(Extracted data entries)
Content starts
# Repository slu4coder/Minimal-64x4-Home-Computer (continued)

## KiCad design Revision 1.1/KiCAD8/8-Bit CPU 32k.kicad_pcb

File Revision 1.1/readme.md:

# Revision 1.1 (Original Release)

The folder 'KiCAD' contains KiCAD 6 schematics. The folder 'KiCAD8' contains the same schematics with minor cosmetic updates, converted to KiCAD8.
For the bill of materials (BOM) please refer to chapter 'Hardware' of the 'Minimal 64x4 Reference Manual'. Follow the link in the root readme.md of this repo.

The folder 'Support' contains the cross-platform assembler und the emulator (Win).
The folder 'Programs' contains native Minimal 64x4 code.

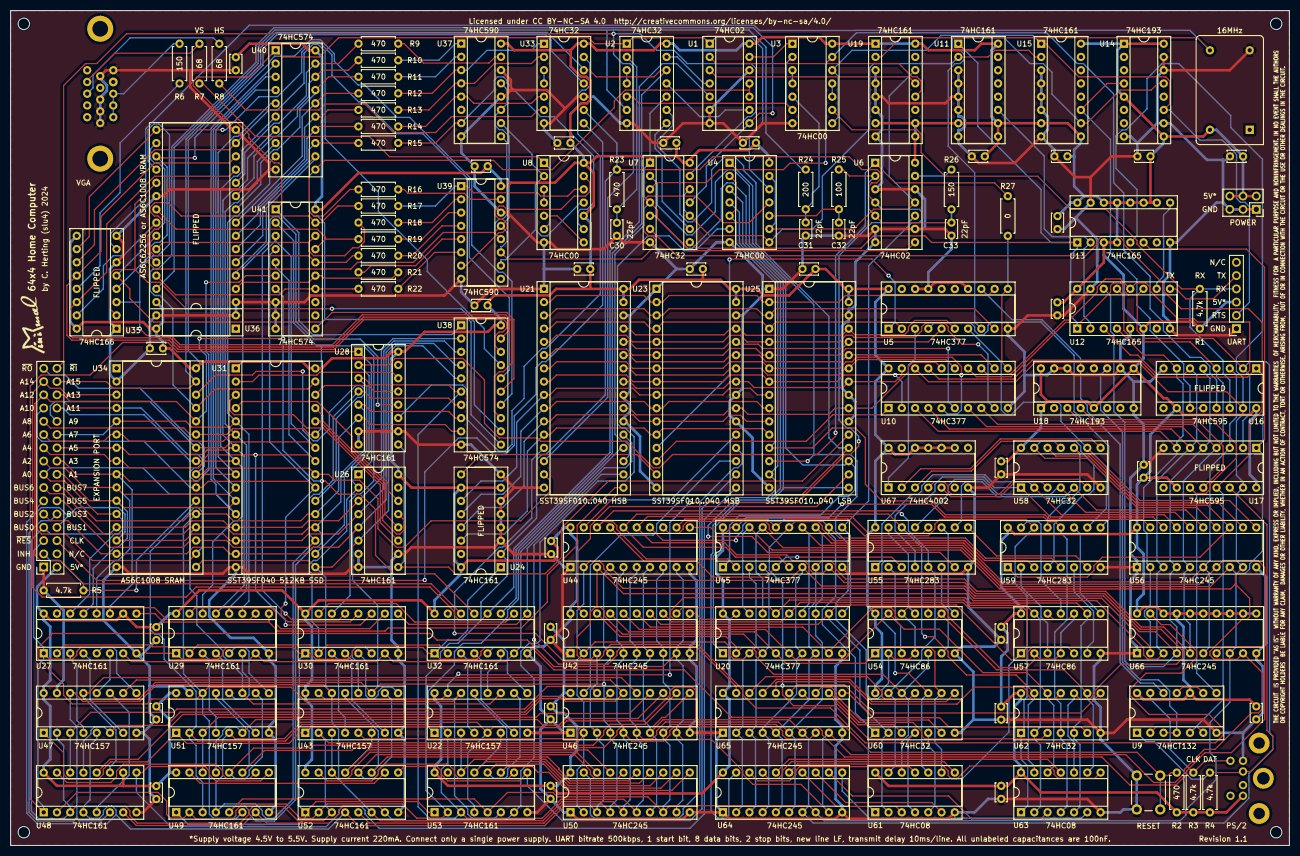
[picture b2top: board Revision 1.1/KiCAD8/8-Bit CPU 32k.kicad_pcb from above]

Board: 2 copper layers, 245.1 x 160.0 mm, 138 parts (0 on the bottom side), 267 nets.

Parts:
C1, C2, C3, C4, C5, C6, C7, C8, C9, C10, C11, C12, C13, C14, C15, C16, C17, C18, C19, C20, C21, C22, C23, C24, C25, C26, C27, C28, C29: 100nF; C_Disc_D3.4mm_W2.1mm_P2.50mm
C30, C31, C32, C33: 22pF; C_Disc_D3.4mm_W2.1mm_P2.50mm
H1, H2, H3, H4: M2; MountingHole_2.2mm_M2
J1: UART; PinSocket_1x06_P2.54mm_Vertical
J2: PS/2; FP_MINI_DIN_6_PS2
J3: EXPANSION PORT; PinSocket_2x16_P2.54mm_Vertical
J4: VGA; VGA DSUB15HD_female
J5: POWER; PinSocket_2x03_P2.54mm_Vertical
R1, R3, R4, R5: 4.7k; R_Axial_DIN0207_L6.3mm_D2.5mm_P7.62mm_Horizontal
R2, R9, R10, R11, R12, R13, R14, R15, R16, R17, R18, R19, R20, R21, R22, R23: 470; R_Axial_DIN0207_L6.3mm_D2.5mm_P7.62mm_Horizontal
R6, R26: 150; R_Axial_DIN0207_L6.3mm_D2.5mm_P7.62mm_Horizontal
R7, R8: 68; R_Axial_DIN0207_L6.3mm_D2.5mm_P7.62mm_Horizontal
R24: 200; R_Axial_DIN0207_L6.3mm_D2.5mm_P7.62mm_Horizontal
R25: 100; R_Axial_DIN0207_L6.3mm_D2.5mm_P7.62mm_Horizontal
R27: 0; R_Axial_DIN0207_L6.3mm_D2.5mm_P7.62mm_Horizontal
SW1: RESET; SW_PUSH_6mm
U1, U6: 74HC02; DIP-14_W7.62mm_Socket
U2, U7, U33, U58, U60, U62: 74HC32; DIP-14_W7.62mm_Socket
U3, U4, U8: 74HC00; DIP-14_W7.62mm_Socket
U5, U10, U20, U45: 74HC377; DIP-20_W7.62mm_Socket
U9: 74HCT132; DIP-14_W7.62mm_Socket
U11, U15, U19, U24, U26, U27, U28, U29, U30, U32, U48, U49, U52, U53: 74HC161; DIP-16_W7.62mm_Socket
U12, U13: 74HC165; DIP-16_W7.62mm_Socket
U14, U18: 74HC193; DIP-16_W7.62mm_Socket
U16, U17: 74HC595; DIP-16_W7.62mm_Socket
U21: SST39SF010..040 HSB; DIP-32_W15.24mm_Socket
U22, U43, U47, U51: 74HC157; DIP-16_W7.62mm_Socket
U23: SST39SF010..040 MSB; DIP-32_W15.24mm_Socket
U25: SST39SF010..040 LSB; DIP-32_W15.24mm_Socket
U31: SST39SF040 512KB SSD; DIP-32_W15.24mm_Socket
U34: AS6C1008 SRAM; DIP-32_W15.24mm_Socket
U35: 74HC166; DIP-16_W7.62mm_Socket
U36: AS6C62256 or AS6C1008 VRAM; DIP-32_W15.24mm_Socket
U37, U39: 74HC590; DIP-16_W7.62mm_Socket
U38, U40, U41: 74HC574; DIP-20_W7.62mm_Socket
U42, U44, U46, U50, U56, U64, U65, U66: 74HC245; DIP-20_W7.62mm_Socket
U54, U57: 74HC86; DIP-14_W7.62mm_Socket
U55, U59: 74HC283; DIP-16_W7.62mm_Socket
U61, U63: 74HC08; DIP-14_W7.62mm_Socket
U67: 74HC4002; DIP-14_W7.62mm_Socket
X1: 16MHz; Oscillator_DIP-14

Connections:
16MHz: U19.2 (CP), U35.7 (CP), X1.8 (OUT)
+5V: C1.1, C2.1, C3.1, C4.1, C5.1, C6.1, C7.1, C8.1, C9.1, C10.1, C11.1, C12.1, C13.1, C14.1, C15.1, C16.1, C17.1, C18.1, C19.1, C20.1, C21.1, C22.1, C23.1, C24.1, C25.1, C26.1, C27.1, C28.1, C29.1, J1.3, J2.4, J3.2, J5.2, J5.4, J5.6, R1.1, R2.1, R3.1, R4.1, U1.14 (VCC), U2.14 (VCC), U3.14 (VCC), U4.14 (VCC), U5.20 (VCC), U6.14 (VCC), U7.14 (VCC), U8.10, U8.14 (VCC), U9.10, U9.14 (VCC), U10.20 (VCC), U11.7 (CEP), U11.9 (~PE), U11.10 (CET), U11.16 (VCC), U12.6 (D7), U12.16 (VCC), U13.3 (D4), U13.4 (D5), U13.10 (DS), U13.11 (D0), U13.12 (D1), U13.13 (D2), U13.14 (D3), U13.16 (VCC), U14.1 (D1), U14.5 (CPU), U14.9 (D3), U14.16 (VCC), U15.7 (CEP), U15.9 (~PE), U15.16 (VCC), U16.10 (~SRCLR), U16.16 (VCC), U17.10 (~SRCLR), U17.16 (VCC), U18.1 (D1), U18.5 (CPU), U18.9 (D3), U18.16 (VCC), U19.1 (~MR), U19.7 (CEP), U19.9 (~PE), U19.10 (CET), U19.16 (VCC), U20.20 (VCC), U21.31 (~WE), U21.32 (VCC), U22.16 (VCC), U23.31 (~WE), U23.32 (VCC), U24.7 (CEP), U24.10 (CET), U24.16 (VCC), U25.31 (~WE), U25.32 (VCC), U26.16 (VCC), U27.10 (CET), U27.16 (VCC), U28.16 (VCC), U29.16 (VCC), U30.16 (VCC), U31.32 (VCC), U32.16 (VCC), U33.14 (VCC), U34.32 (VCC), U35.9 (MR), U35.16 (VCC), U36.30 (CE2), U36.32 (VCC), U37.16 (VCC), U38.20 (VCC), U39.16 (VCC), U40.20 (VCC), U41.20 (VCC), U42.20 (VCC), U43.16 (VCC), U44.20 (VCC), U45.20 (VCC), U46.20 (VCC), U47.16 (VCC), U48.10 (CET), U48.16 (VCC), U49.16 (VCC), U50.20 (VCC), U51.16 (VCC), U52.16 (VCC), U53.16 (VCC), U54.14 (VCC), U55.16 (VCC), U56.20 (VCC), U57.14 (VCC), U58.14 (VCC), U59.16 (VCC), U60.14 (VCC), U61.14 (VCC), U62.14 (VCC), U63.14 (VCC), U64.20 (VCC), U65.20 (VCC), U66.11 (B7), U66.12 (B6), U66.13 (B5), U66.14 (B4), U66.15 (B3), U66.16 (B2), U66.17 (B1), U66.18 (B0), U66.20 (VCC), U67.9, U67.10, U67.11, U67.12, U67.14 (VDD), X1.14 (Vcc)
/ALU/A0: U44.18 (B0), U45.2 (Q0), U55.5 (A1), U60.13, U61.13
/ALU/A1: U44.17 (B1), U45.5 (Q1), U55.3 (A2), U60.10, U61.10
/ALU/A2: U44.16 (B2), U45.6 (Q2), U55.14 (A3), U62.13, U63.13
/ALU/A3: U44.15 (B3), U45.9 (Q3), U55.12 (A4), U62.10, U63.10
/ALU/A4: U44.14 (B4), U45.12 (Q4), U59.5 (A1), U60.1, U61.1
/ALU/A5: U44.13 (B5), U45.15 (Q5), U59.3 (A2), U60.4, U61.4
/ALU/A6: U44.12 (B6), U45.16 (Q6), U59.14 (A3), U62.1, U63.1
/ALU/A7: U44.11 (B7), U45.19 (Q7), U59.12 (A4), U62.4, U63.4
/ALU/B0: U20.2 (Q0), U42.18 (B0), U54.5, U60.12, U61.12
/ALU/B1: U20.5 (Q1), U42.17 (B1), U54.1, U60.9, U61.9
/ALU/B2: U20.6 (Q2), U42.16 (B2), U54.13, U62.12, U63.12
/ALU/B3: U20.9 (Q3), U42.15 (B3), U54.9, U62.9, U63.9
/ALU/B4: U20.12 (Q4), U42.14 (B4), U57.5, U60.2, U61.2
/ALU/B5: U20.15 (Q5), U42.13 (B5), U57.1, U60.5, U61.5
/ALU/B6: U20.16 (Q6), U42.12 (B6), U57.13, U62.2, U63.2
/ALU/B7: U20.19 (Q7), U42.11 (B7), U57.9, U62.5, U63.5
/ALU/BUS0: J3.7, U10.3 (D0), U12.4 (D5), U16.7 (QH), U17.7 (QH), U20.3 (D0), U26.3 (D0), U31.13 (I/O0), U34.13 (I/O0), U38.2 (D0), U42.2 (A0), U43.2 (I0a), U44.2 (A0), U45.3 (D0), U46.2 (A0), U47.2 (I0a), U48.3 (D0), U50.2 (A0), U52.3 (D0), U56.2 (A0), U64.2 (A0), U65.2 (A0), U66.2 (A0)
/ALU/BUS1: J3.8, U10.4 (D1), U12.3 (D4), U16.6 (QG), U17.6 (QG), U20.4 (D1), U26.4 (D1), U31.14 (I/O1), U34.14 (I/O1), U38.3 (D1), U42.3 (A1), U43.5 (I0b), U44.3 (A1), U45.4 (D1), U46.3 (A1), U47.5 (I0b), U48.4 (D1), U50.3 (A1), U52.4 (D1), U56.3 (A1), U64.3 (A1), U65.3 (A1), U66.3 (A1)
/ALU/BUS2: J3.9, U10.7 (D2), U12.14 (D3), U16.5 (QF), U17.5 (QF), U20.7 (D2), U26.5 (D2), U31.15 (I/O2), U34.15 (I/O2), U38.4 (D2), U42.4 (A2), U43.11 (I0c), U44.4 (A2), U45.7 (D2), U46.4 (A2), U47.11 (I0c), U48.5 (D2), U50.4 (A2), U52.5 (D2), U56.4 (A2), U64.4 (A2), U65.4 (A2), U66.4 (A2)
Content ends
# [What to do]
Could you restate, word for word, the lines above from the one with "U36: AS6C62256 or" to the one with "U54, U57: 74HC86; DIP-14_W7.62mm_Socket", both included?

# [Result of this task]
U36: AS6C62256 or AS6C1008 VRAM; DIP-32_W15.24mm_Socket
U37, U39: 74HC590; DIP-16_W7.62mm_Socket
U38, U40, U41: 74HC574; DIP-20_W7.62mm_Socket
U42, U44, U46, U50, U56, U64, U65, U66: 74HC245; DIP-20_W7.62mm_Socket
U54, U57: 74HC86; DIP-14_W7.62mm_Socket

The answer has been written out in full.